Each member, including the Chair, will be appointed to the Committee for a three-year term subject to a maximum of two terms of continuous service. The membership will automatically end at such time as a member ceases to be a board member.
The quorum for Committee meetings will be a minimum of two Committee members.
The Committee will hold at least four meetings per annum. The Committee may meet more frequently as necessary.
The Company Secretary will act as Secretary of Committee meetings. In his or her absence, the Committee may appoint a secretary for the meeting.
The minutes of the Committee meetings will be circulated to the Board and the Committee Chair will report its findings and recommendations directly to the Board.

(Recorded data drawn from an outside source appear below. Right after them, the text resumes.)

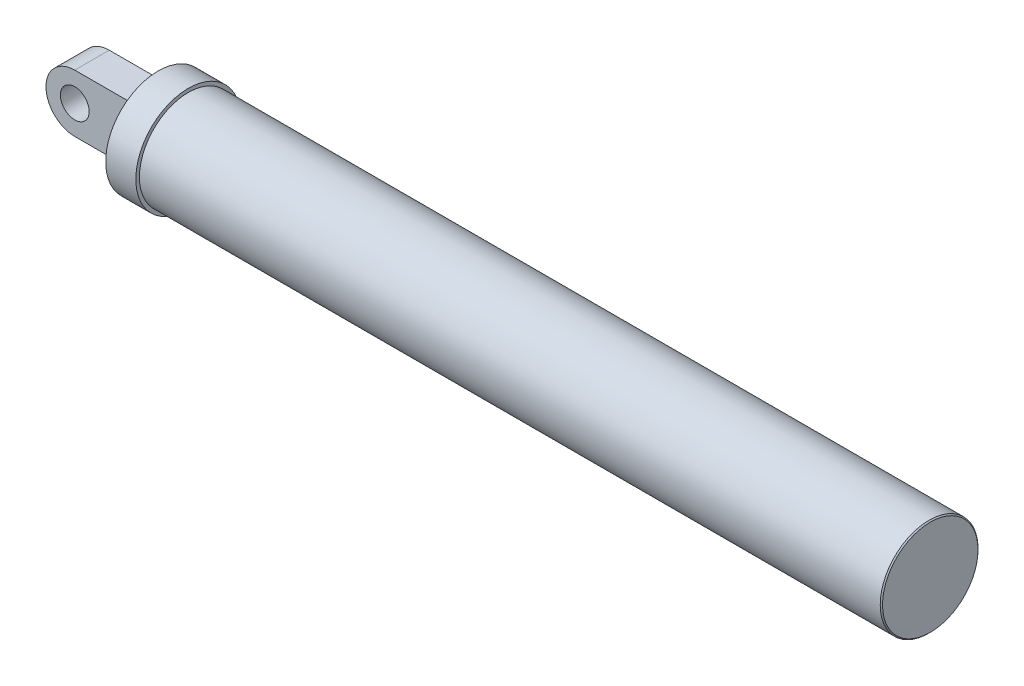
ISO-10303-21;
HEADER;
FILE_DESCRIPTION(('STEP AP214'),'2;1');
FILE_NAME('part.step','',(''),(''),'','','');
FILE_SCHEMA(('AUTOMOTIVE_DESIGN { 1 0 10303 214 1 1 1 1 }'));
ENDSEC;
DATA;
#1=APPLICATION_CONTEXT('core data for automotive mechanical design processes');
#2=APPLICATION_PROTOCOL_DEFINITION('international standard','automotive_design',2000,#1);
#3=PRODUCT_CONTEXT('',#1,'mechanical');
#4=PRODUCT('Part','Part','',(#3));
#5=PRODUCT_RELATED_PRODUCT_CATEGORY('part','',(#4));
#6=PRODUCT_DEFINITION_FORMATION('','',#4);
#7=PRODUCT_DEFINITION_CONTEXT('part definition',#1,'design');
#8=PRODUCT_DEFINITION('design','',#6,#7);
#9=PRODUCT_DEFINITION_SHAPE('','',#8);
#10=(LENGTH_UNIT() NAMED_UNIT(*) SI_UNIT(.MILLI.,.METRE.));
#11=(NAMED_UNIT(*) PLANE_ANGLE_UNIT() SI_UNIT($,.RADIAN.));
#12=(NAMED_UNIT(*) SI_UNIT($,.STERADIAN.) SOLID_ANGLE_UNIT());
#13=UNCERTAINTY_MEASURE_WITH_UNIT(LENGTH_MEASURE(1.E-05),#10,'distance_accuracy_value','');
#14=(GEOMETRIC_REPRESENTATION_CONTEXT(3) GLOBAL_UNCERTAINTY_ASSIGNED_CONTEXT((#13)) GLOBAL_UNIT_ASSIGNED_CONTEXT((#10,
#11,#12)) REPRESENTATION_CONTEXT('',''));
#15=CARTESIAN_POINT('',(0.,0.,0.));
#16=DIRECTION('',(0.,0.,1.));
#17=DIRECTION('',(1.,0.,0.));
#18=AXIS2_PLACEMENT_3D('',#15,#16,#17);
#19=CARTESIAN_POINT('',(0.,0.,0.));
#20=DIRECTION('',(1.,0.,0.));
#21=DIRECTION('',(0.,0.,-1.));
#22=AXIS2_PLACEMENT_3D('',#19,#20,#21);
#23=PLANE('',#22);
#24=CARTESIAN_POINT('',(0.,0.,0.));
#25=DIRECTION('',(1.,0.,0.));
#26=DIRECTION('',(0.,0.,-1.));
#27=AXIS2_PLACEMENT_3D('',#24,#25,#26);
#28=CIRCLE('',#27,91.25);
#29=CARTESIAN_POINT('',(0.,0.,-91.25));
#30=VERTEX_POINT('',#29);
#31=EDGE_CURVE('E113',#30,#30,#28,.T.);
#32=ORIENTED_EDGE('',*,*,#31,.F.);
#33=EDGE_LOOP('',(#32));
#34=FACE_BOUND('',#33,.T.);
#35=DIRECTION('',(0.,0.,-1.));
#36=VECTOR('',#35,1.);
#37=CARTESIAN_POINT('',(0.,-50.,30.));
#38=LINE('',#37,#36);
#39=CARTESIAN_POINT('',(0.,-50.,30.));
#40=VERTEX_POINT('',#39);
#41=CARTESIAN_POINT('',(0.,-50.,-30.));
#42=VERTEX_POINT('',#41);
#43=EDGE_CURVE('E52',#40,#42,#38,.T.);
#44=ORIENTED_EDGE('',*,*,#43,.T.);
#45=DIRECTION('',(0.,1.,0.));
#46=VECTOR('',#45,1.);
#47=CARTESIAN_POINT('',(0.,50.,-30.));
#48=LINE('',#47,#46);
#49=CARTESIAN_POINT('',(0.,50.,-30.));
#50=VERTEX_POINT('',#49);
#51=EDGE_CURVE('E214',#42,#50,#48,.T.);
#52=ORIENTED_EDGE('',*,*,#51,.T.);
#53=DIRECTION('',(0.,0.,-1.));
#54=VECTOR('',#53,1.);
#55=CARTESIAN_POINT('',(0.,50.,30.));
#56=LINE('',#55,#54);
#57=CARTESIAN_POINT('',(0.,50.,30.));
#58=VERTEX_POINT('',#57);
#59=EDGE_CURVE('E98',#58,#50,#56,.T.);
#60=ORIENTED_EDGE('',*,*,#59,.F.);
#61=DIRECTION('',(0.,1.,0.));
#62=VECTOR('',#61,1.);
#63=CARTESIAN_POINT('',(0.,50.,30.));
#64=LINE('',#63,#62);
#65=EDGE_CURVE('E47',#40,#58,#64,.T.);
#66=ORIENTED_EDGE('',*,*,#65,.F.);
#67=EDGE_LOOP('',(#44,#52,#60,#66));
#68=FACE_BOUND('',#67,.T.);
#69=ADVANCED_FACE('F32',(#34,#68),#23,.F.);
#70=CARTESIAN_POINT('',(52.4,0.,0.));
#71=DIRECTION('',(1.,0.,0.));
#72=DIRECTION('',(0.,0.,-1.));
#73=AXIS2_PLACEMENT_3D('',#70,#71,#72);
#74=PLANE('',#73);
#75=CARTESIAN_POINT('',(52.4,0.,0.));
#76=DIRECTION('',(1.,0.,0.));
#77=DIRECTION('',(0.,0.,-1.));
#78=AXIS2_PLACEMENT_3D('',#75,#76,#77);
#79=CIRCLE('',#78,91.25);
#80=CARTESIAN_POINT('',(52.4,0.,-91.25));
#81=VERTEX_POINT('',#80);
#82=EDGE_CURVE('E114',#81,#81,#79,.T.);
#83=ORIENTED_EDGE('',*,*,#82,.T.);
#84=EDGE_LOOP('',(#83));
#85=FACE_BOUND('',#84,.T.);
#86=CARTESIAN_POINT('',(52.4,0.,0.));
#87=DIRECTION('',(1.,0.,0.));
#88=DIRECTION('',(0.,0.,-1.));
#89=AXIS2_PLACEMENT_3D('',#86,#87,#88);
#90=CIRCLE('',#89,85.);
#91=CARTESIAN_POINT('',(52.3999999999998,0.,85.));
#92=VERTEX_POINT('',#91);
#93=EDGE_CURVE('E110',#92,#92,#90,.T.);
#94=ORIENTED_EDGE('',*,*,#93,.F.);
#95=EDGE_LOOP('',(#94));
#96=FACE_BOUND('',#95,.T.);
#97=ADVANCED_FACE('F135',(#85,#96),#74,.T.);
#98=CARTESIAN_POINT('',(52.4,0.,0.));
#99=DIRECTION('',(-1.,0.,0.));
#100=DIRECTION('',(0.,0.,1.));
#101=AXIS2_PLACEMENT_3D('',#98,#99,#100);
#102=CYLINDRICAL_SURFACE('',#101,91.25);
#103=ORIENTED_EDGE('',*,*,#82,.F.);
#104=EDGE_LOOP('',(#103));
#105=FACE_BOUND('',#104,.T.);
#106=ORIENTED_EDGE('',*,*,#31,.T.);
#107=EDGE_LOOP('',(#106));
#108=FACE_BOUND('',#107,.T.);
#109=ADVANCED_FACE('F141',(#105,#108),#102,.T.);
#110=CARTESIAN_POINT('',(1342.4,0.,0.));
#111=DIRECTION('',(-1.,0.,0.));
#112=DIRECTION('',(0.,0.,1.));
#113=AXIS2_PLACEMENT_3D('',#110,#111,#112);
#114=CYLINDRICAL_SURFACE('',#113,85.);
#115=CARTESIAN_POINT('',(1340.4,0.,0.));
#116=DIRECTION('',(1.,0.,0.));
#117=DIRECTION('',(0.,0.,-1.));
#118=AXIS2_PLACEMENT_3D('',#115,#116,#117);
#119=CIRCLE('',#118,85.);
#120=CARTESIAN_POINT('',(1340.4,0.,85.));
#121=VERTEX_POINT('',#120);
#122=EDGE_CURVE('E11',#121,#121,#119,.F.);
#123=CARTESIAN_POINT('',(1340.4,0.,85.));
#124=CARTESIAN_POINT('',(1326.98333333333,0.,85.));
#125=CARTESIAN_POINT('',(1313.56666666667,0.,85.));
#126=CARTESIAN_POINT('',(1286.73333333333,0.,85.));
#127=CARTESIAN_POINT('',(1273.31666666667,0.,85.));
#128=CARTESIAN_POINT('',(1246.48333333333,0.,85.));
#129=CARTESIAN_POINT('',(1233.06666666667,0.,85.));
#130=CARTESIAN_POINT('',(1206.23333333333,0.,85.));
#131=CARTESIAN_POINT('',(1192.81666666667,0.,85.));
#132=CARTESIAN_POINT('',(1165.98333333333,0.,85.));
#133=CARTESIAN_POINT('',(1152.56666666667,0.,85.));
#134=CARTESIAN_POINT('',(1125.73333333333,0.,85.));
#135=CARTESIAN_POINT('',(1112.31666666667,0.,85.));
#136=CARTESIAN_POINT('',(1085.48333333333,0.,85.));
#137=CARTESIAN_POINT('',(1072.06666666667,0.,85.));
#138=CARTESIAN_POINT('',(1045.23333333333,0.,85.));
#139=CARTESIAN_POINT('',(1031.81666666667,0.,85.));
#140=CARTESIAN_POINT('',(1004.98333333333,0.,85.));
#141=CARTESIAN_POINT('',(991.566666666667,0.,85.));
#142=CARTESIAN_POINT('',(964.733333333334,0.,85.));
#143=CARTESIAN_POINT('',(951.316666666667,0.,85.));
#144=CARTESIAN_POINT('',(924.483333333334,0.,85.));
#145=CARTESIAN_POINT('',(911.066666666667,0.,85.));
#146=CARTESIAN_POINT('',(884.233333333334,0.,85.));
#147=CARTESIAN_POINT('',(870.816666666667,0.,85.));
#148=CARTESIAN_POINT('',(843.983333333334,0.,85.));
#149=CARTESIAN_POINT('',(830.566666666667,0.,85.));
#150=CARTESIAN_POINT('',(803.733333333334,0.,85.));
#151=CARTESIAN_POINT('',(790.316666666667,0.,85.));
#152=CARTESIAN_POINT('',(763.483333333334,0.,85.));
#153=CARTESIAN_POINT('',(750.066666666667,0.,85.));
#154=CARTESIAN_POINT('',(723.233333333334,0.,85.));
#155=CARTESIAN_POINT('',(709.816666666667,0.,85.));
#156=CARTESIAN_POINT('',(682.983333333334,0.,85.));
#157=CARTESIAN_POINT('',(669.566666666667,0.,85.));
#158=CARTESIAN_POINT('',(642.733333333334,0.,85.));
#159=CARTESIAN_POINT('',(629.316666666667,0.,85.));
#160=CARTESIAN_POINT('',(602.483333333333,0.,85.));
#161=CARTESIAN_POINT('',(589.066666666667,0.,85.));
#162=CARTESIAN_POINT('',(562.233333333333,0.,85.));
#163=CARTESIAN_POINT('',(548.816666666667,0.,85.));
#164=CARTESIAN_POINT('',(521.983333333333,0.,85.));
#165=CARTESIAN_POINT('',(508.566666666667,0.,85.));
#166=CARTESIAN_POINT('',(481.733333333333,0.,85.));
#167=CARTESIAN_POINT('',(468.316666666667,0.,85.));
#168=CARTESIAN_POINT('',(441.483333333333,0.,85.));
#169=CARTESIAN_POINT('',(428.066666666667,0.,85.));
#170=CARTESIAN_POINT('',(401.233333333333,0.,85.));
#171=CARTESIAN_POINT('',(387.816666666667,0.,85.));
#172=CARTESIAN_POINT('',(360.983333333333,0.,85.));
#173=CARTESIAN_POINT('',(347.566666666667,0.,85.));
#174=CARTESIAN_POINT('',(320.733333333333,0.,85.));
#175=CARTESIAN_POINT('',(307.316666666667,0.,85.));
#176=CARTESIAN_POINT('',(280.483333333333,0.,85.));
#177=CARTESIAN_POINT('',(267.066666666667,0.,85.));
#178=CARTESIAN_POINT('',(240.233333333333,0.,85.));
#179=CARTESIAN_POINT('',(226.816666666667,0.,85.));
#180=CARTESIAN_POINT('',(199.983333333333,0.,85.));
#181=CARTESIAN_POINT('',(186.566666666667,0.,85.));
#182=CARTESIAN_POINT('',(159.733333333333,0.,85.));
#183=CARTESIAN_POINT('',(146.316666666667,0.,85.));
#184=CARTESIAN_POINT('',(119.483333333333,0.,85.));
#185=CARTESIAN_POINT('',(106.066666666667,0.,85.));
#186=CARTESIAN_POINT('',(79.2333333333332,0.,85.));
#187=CARTESIAN_POINT('',(65.8166666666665,0.,85.));
#188=CARTESIAN_POINT('',(52.3999999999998,0.,85.));
#189=B_SPLINE_CURVE_WITH_KNOTS('',3,(#123,#124,#125,#126,#127,#128,#129,#130,#131,#132,#133,
#134,#135,#136,#137,#138,#139,#140,#141,#142,#143,#144,#145,#146,#147,#148,#149,#150,#151,#152,
#153,#154,#155,#156,#157,#158,#159,#160,#161,#162,#163,#164,#165,#166,#167,#168,#169,#170,#171,
#172,#173,#174,#175,#176,#177,#178,#179,#180,#181,#182,#183,#184,#185,#186,#187,#188),
.UNSPECIFIED.,.F.,.F.,(4,2,2,2,2,2,2,2,2,2,2,2,2,2,2,2,2,2,2,2,2,2,2,2,2,2,2,2,2,2,2,2,4),(0.,
40.2499999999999,80.5,120.75,161.,201.25,241.5,281.75,322.,362.25,402.5,442.75,483.,523.25,
563.5,603.75,644.,684.25,724.5,764.75,805.,845.25,885.5,925.75,966.,1006.25,1046.5,1086.75,
1127.,1167.25,1207.5,1247.75,1288.),.UNSPECIFIED.);
#190=EDGE_CURVE('BSEAM131',#121,#92,#189,.T.);
#191=ORIENTED_EDGE('',*,*,#122,.T.);
#192=ORIENTED_EDGE('',*,*,#93,.T.);
#193=ORIENTED_EDGE('',*,*,#190,.T.);
#194=ORIENTED_EDGE('',*,*,#190,.F.);
#195=EDGE_LOOP('',(#191,#193,#192,#194));
#196=FACE_BOUND('',#195,.T.);
#197=ADVANCED_FACE('F131',(#196),#114,.T.);
#198=CARTESIAN_POINT('',(1342.4,0.,0.));
#199=DIRECTION('',(1.,0.,0.));
#200=DIRECTION('',(0.,0.,-1.));
#201=AXIS2_PLACEMENT_3D('',#198,#199,#200);
#202=PLANE('',#201);
#203=CARTESIAN_POINT('',(1342.4,0.,0.));
#204=DIRECTION('',(1.,0.,0.));
#205=DIRECTION('',(0.,0.,-1.));
#206=AXIS2_PLACEMENT_3D('',#203,#204,#205);
#207=CIRCLE('',#206,83.0000000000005);
#208=CARTESIAN_POINT('',(1342.4,0.,-83.0000000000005));
#209=VERTEX_POINT('',#208);
#210=EDGE_CURVE('E40',#209,#209,#207,.T.);
#211=ORIENTED_EDGE('',*,*,#210,.T.);
#212=EDGE_LOOP('',(#211));
#213=FACE_BOUND('',#212,.T.);
#214=ADVANCED_FACE('F121',(#213),#202,.T.);
#215=CARTESIAN_POINT('',(1342.4,0.,0.));
#216=DIRECTION('',(-1.,0.,0.));
#217=DIRECTION('',(0.,0.,1.));
#218=AXIS2_PLACEMENT_3D('',#215,#216,#217);
#219=CONICAL_SURFACE('',#218,83.0000000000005,0.785398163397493);
#220=ORIENTED_EDGE('',*,*,#122,.F.);
#221=EDGE_LOOP('',(#220));
#222=FACE_BOUND('',#221,.T.);
#223=ORIENTED_EDGE('',*,*,#210,.F.);
#224=EDGE_LOOP('',(#223));
#225=FACE_BOUND('',#224,.T.);
#226=ADVANCED_FACE('F34',(#222,#225),#219,.T.);
#227=CARTESIAN_POINT('',(-115.,0.,30.));
#228=DIRECTION('',(0.,0.,1.));
#229=DIRECTION('',(1.,0.,0.));
#230=AXIS2_PLACEMENT_3D('',#227,#228,#229);
#231=PLANE('',#230);
#232=CARTESIAN_POINT('',(-115.,0.,30.));
#233=DIRECTION('',(0.,0.,1.));
#234=DIRECTION('',(1.,0.,0.));
#235=AXIS2_PLACEMENT_3D('',#232,#233,#234);
#236=CIRCLE('',#235,50.);
#237=CARTESIAN_POINT('',(-115.,50.,30.));
#238=VERTEX_POINT('',#237);
#239=CARTESIAN_POINT('',(-115.,-50.,30.));
#240=VERTEX_POINT('',#239);
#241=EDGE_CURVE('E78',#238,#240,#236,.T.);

Any member of the Committee may participate in a meeting thereof conducted wholly or in part by telephonic means whereby all persons participating in the meeting can hear each other speak (and participation in a meeting in this manner will be deemed to constitute presence in person at such meeting).
Reasonable notice shall be required to be given for any meeting of the Committee.
The Chief Commercial Officer, the President and the Chief Executive Officer will be entitled to attend all meetings of the Committee, except when the committee meets in Executive Session.
Additionally the Chairman of the Board will be entitled to attend meetings of the Committee.
The Committee will have authority to access such internal and external resources as deemed necessary or appropriate by the Committee to fulfil its defined responsibilities, including engagement of consultants and other professional advisors. The Committee shall have sole authority to approve fees, costs and other terms of engagement of such outside resources. Generally such independent input will be sought with the knowledge of the Chairman and the Chief Executive Officer.
The Committee shall review, discuss and assess its own performance at least annually. The committee shall also periodically review and assess the adequacy of this Charter, including the Committee’s role and responsibilities as outlined in this Charter, and shall recommend any proposed changes to the Board for its consideration.